### Aim of the task:
Between the line containing "C21, C31: M113; H807" and the line containing "BMB08: A03.P2, D03.P2" lies a run of lines; give that run again exactly, with both of those lines, and nothing else from the entries below.

Records from a data collection:
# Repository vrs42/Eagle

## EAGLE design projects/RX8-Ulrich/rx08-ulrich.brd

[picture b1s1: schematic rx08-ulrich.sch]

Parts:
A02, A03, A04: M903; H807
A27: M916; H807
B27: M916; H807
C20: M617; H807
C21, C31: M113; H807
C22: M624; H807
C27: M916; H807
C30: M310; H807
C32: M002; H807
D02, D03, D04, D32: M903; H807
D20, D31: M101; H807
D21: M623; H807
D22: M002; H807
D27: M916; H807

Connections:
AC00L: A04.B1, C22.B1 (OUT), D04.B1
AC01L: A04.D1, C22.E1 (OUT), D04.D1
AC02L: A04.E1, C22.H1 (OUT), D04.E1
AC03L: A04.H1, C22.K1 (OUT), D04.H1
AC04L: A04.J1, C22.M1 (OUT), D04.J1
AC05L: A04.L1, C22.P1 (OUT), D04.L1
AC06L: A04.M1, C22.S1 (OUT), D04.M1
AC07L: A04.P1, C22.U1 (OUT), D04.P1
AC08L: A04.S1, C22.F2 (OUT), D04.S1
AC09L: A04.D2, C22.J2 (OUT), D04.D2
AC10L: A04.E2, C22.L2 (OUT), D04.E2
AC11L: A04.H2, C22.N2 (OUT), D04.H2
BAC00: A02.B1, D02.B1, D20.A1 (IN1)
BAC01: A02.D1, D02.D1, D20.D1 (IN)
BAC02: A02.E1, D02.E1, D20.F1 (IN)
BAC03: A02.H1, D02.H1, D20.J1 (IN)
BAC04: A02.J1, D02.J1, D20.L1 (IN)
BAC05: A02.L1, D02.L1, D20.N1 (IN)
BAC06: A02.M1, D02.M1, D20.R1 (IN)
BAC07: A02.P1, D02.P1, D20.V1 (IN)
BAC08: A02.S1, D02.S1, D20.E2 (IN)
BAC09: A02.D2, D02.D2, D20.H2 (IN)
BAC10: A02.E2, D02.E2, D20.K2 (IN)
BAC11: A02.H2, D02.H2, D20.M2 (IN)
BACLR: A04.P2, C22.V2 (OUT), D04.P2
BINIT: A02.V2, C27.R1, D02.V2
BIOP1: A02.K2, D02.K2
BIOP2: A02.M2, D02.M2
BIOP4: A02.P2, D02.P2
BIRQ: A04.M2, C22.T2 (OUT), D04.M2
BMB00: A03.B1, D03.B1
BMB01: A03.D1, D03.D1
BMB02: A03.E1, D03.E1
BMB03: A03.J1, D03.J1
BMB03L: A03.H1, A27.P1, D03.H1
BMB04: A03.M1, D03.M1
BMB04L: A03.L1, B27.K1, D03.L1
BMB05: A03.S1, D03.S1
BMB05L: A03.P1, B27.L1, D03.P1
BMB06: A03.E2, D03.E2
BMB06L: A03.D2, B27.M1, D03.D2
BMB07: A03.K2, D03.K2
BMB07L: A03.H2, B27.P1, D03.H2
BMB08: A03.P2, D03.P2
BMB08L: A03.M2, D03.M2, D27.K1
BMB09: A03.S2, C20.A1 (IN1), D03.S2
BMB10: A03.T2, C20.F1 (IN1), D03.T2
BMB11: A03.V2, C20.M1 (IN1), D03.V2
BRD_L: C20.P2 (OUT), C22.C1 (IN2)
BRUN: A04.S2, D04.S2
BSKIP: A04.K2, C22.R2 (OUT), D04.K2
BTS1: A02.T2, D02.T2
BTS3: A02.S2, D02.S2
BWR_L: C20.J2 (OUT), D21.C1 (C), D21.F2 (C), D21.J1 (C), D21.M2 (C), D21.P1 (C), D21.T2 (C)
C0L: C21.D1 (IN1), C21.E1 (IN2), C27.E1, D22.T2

### Finished exercise:
C21, C31: M113; H807
C22: M624; H807
C27: M916; H807
C30: M310; H807
C32: M002; H807
D02, D03, D04, D32: M903; H807
D20, D31: M101; H807
D21: M623; H807
D22: M002; H807
D27: M916; H807

Connections:
AC00L: A04.B1, C22.B1 (OUT), D04.B1
AC01L: A04.D1, C22.E1 (OUT), D04.D1
AC02L: A04.E1, C22.H1 (OUT), D04.E1
AC03L: A04.H1, C22.K1 (OUT), D04.H1
AC04L: A04.J1, C22.M1 (OUT), D04.J1
AC05L: A04.L1, C22.P1 (OUT), D04.L1
AC06L: A04.M1, C22.S1 (OUT), D04.M1
AC07L: A04.P1, C22.U1 (OUT), D04.P1
AC08L: A04.S1, C22.F2 (OUT), D04.S1
AC09L: A04.D2, C22.J2 (OUT), D04.D2
AC10L: A04.E2, C22.L2 (OUT), D04.E2
AC11L: A04.H2, C22.N2 (OUT), D04.H2
BAC00: A02.B1, D02.B1, D20.A1 (IN1)
BAC01: A02.D1, D02.D1, D20.D1 (IN)
BAC02: A02.E1, D02.E1, D20.F1 (IN)
BAC03: A02.H1, D02.H1, D20.J1 (IN)
BAC04: A02.J1, D02.J1, D20.L1 (IN)
BAC05: A02.L1, D02.L1, D20.N1 (IN)
BAC06: A02.M1, D02.M1, D20.R1 (IN)
BAC07: A02.P1, D02.P1, D20.V1 (IN)
BAC08: A02.S1, D02.S1, D20.E2 (IN)
BAC09: A02.D2, D02.D2, D20.H2 (IN)
BAC10: A02.E2, D02.E2, D20.K2 (IN)
BAC11: A02.H2, D02.H2, D20.M2 (IN)
BACLR: A04.P2, C22.V2 (OUT), D04.P2
BINIT: A02.V2, C27.R1, D02.V2
BIOP1: A02.K2, D02.K2
BIOP2: A02.M2, D02.M2
BIOP4: A02.P2, D02.P2
BIRQ: A04.M2, C22.T2 (OUT), D04.M2
BMB00: A03.B1, D03.B1
BMB01: A03.D1, D03.D1
BMB02: A03.E1, D03.E1
BMB03: A03.J1, D03.J1
BMB03L: A03.H1, A27.P1, D03.H1
BMB04: A03.M1, D03.M1
BMB04L: A03.L1, B27.K1, D03.L1
BMB05: A03.S1, D03.S1
BMB05L: A03.P1, B27.L1, D03.P1
BMB06: A03.E2, D03.E2
BMB06L: A03.D2, B27.M1, D03.D2
BMB07: A03.K2, D03.K2
BMB07L: A03.H2, B27.P1, D03.H2
BMB08: A03.P2, D03.P2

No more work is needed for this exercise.